To facilitate comparison, they developed a metric called ‘population correction units’ (PCUs). According to their paper, “The PCU represents the total number of animals in a country (alive or slaughtered), multiplied by the average weight of the animal at the time of treatment,” thus “accounting for differences in animal weight and number of production cycles per year between countries”.

Finally, they adjusted the model to match continent-level estimates prepared by the World Organisation for Animal Health.

They found that India’s AMU intensity would increase from 114 mg/PCU in 2020 to 120 mg/PCU in 2030. This is an increase of 5%, versus the expected global average of 8%.

In 2020, the largest user was China (32,776 tonnes), whereas by 2030, Pakistan was predicted to have the biggest relative increase (44%).

The use of a class of antimicrobials called tetracyclines were predicted to increase the most (9%) by 2030.

‘Hotspots’

Within the country, the researchers identified ‘hotspots’ in east and south India.

“Higher antimicrobial usage in the South could be due to the larger number of intensive farms in peri-urban areas that provide the more affluent city dwellers,” Dr. Mulchandani said.

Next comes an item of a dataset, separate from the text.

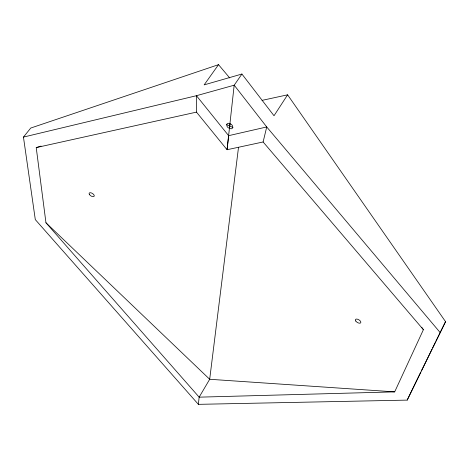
<?xml version="1.0" encoding="UTF-8"?>
<svg xmlns="http://www.w3.org/2000/svg" width="469" height="469" viewBox="0 0 469 469"><rect width="100%" height="100%" fill="white"/><g stroke="black" fill="none" stroke-linecap="round" stroke-linejoin="round"><path stroke-width="0.7" d="M262.042 100.372L287.608 94.82L445.55 321.664L407.192 400.11L198.364 404.342L199.149 397.161L209.684 379.28L238.516 147.319M229.505 128.33L230.009 123.746C225.63 121.489 225.853 127.674 229.505 128.33C233.884 130.593 233.668 124.396 230.009 123.746M198.364 404.342L35.304 219.615L23.45 137.095L196.452 95.705L228.643 135.67L227.06 149.728L263.115 141.972L423.401 329.684L394.681 391.867L199.149 397.161L45.956 222.763L36.224 147.6L41.102 146.07M263.115 141.972L266.726 126.958L234.213 85.194L196.452 95.705L196.482 112.12L227.06 149.728L234.172 85.252L241.916 74.032L274.013 115.749L287.608 94.82M407.192 400.11L420.74 372.146M421.385 370.832L432.013 349.2M432.658 347.887L435.238 342.646M435.883 341.332L445.55 321.664M229.71 77.942L218.525 64.658L204.15 84.877L241.916 74.032M23.45 137.095L30.737 128.049L218.525 64.658M228.643 135.67L266.726 126.958L440.327 332.756M36.224 147.6L196.482 112.12M394.681 391.867L209.684 379.28L45.956 222.763M226.504 124.584L233.017 127.504M421.707 327.303L423.401 329.684M355.783 321.048A3.078 1.53 31.7 0 0 360.52 322.977A3.078 1.53 31.7 0 0 358.035 319.383A3.078 1.53 31.7 0 0 355.783 321.048M89.491 194.617A2.92 1.448 32.1 0 0 93.97 196.435A2.92 1.448 32.1 0 0 91.578 193.017A2.92 1.448 32.1 0 0 89.491 194.617"/></g></svg>

Namakkal in Tamil Nadu hosts over a thousand poultry farms. Experts have said many farm-owners here use second-generation antibiotics called ciprofloxacin and enrofloxacin to shorten harvest time by a week, by when the chicken also weighs more than 2 kg each.

“We would encourage all countries to report publicly their antimicrobial usage data,” Dr. Mulchandani said. “This would allow us to more accurately track the impact of antimicrobial stewardship policies that aim to reduce usage.”

In 2017, India’s Ministry of Health and Family Welfare floated a ‘National Action Plan’ to contain antimicrobial resistance. Two years later, the government banned the use of colistin in all food-producing animals to protect its efficacy in humans as a last-resort antibiotic in critical care units.

A 2021 review by researchers with the Indian Council of Medical Research, among others, found that the main gaps to  have “veterinary laboratories in India … participate in an integrated antimicrobial resistance surveillance network” included low dedicated funding, “shortage of reference strains”, and lack of data-sharing mechanisms.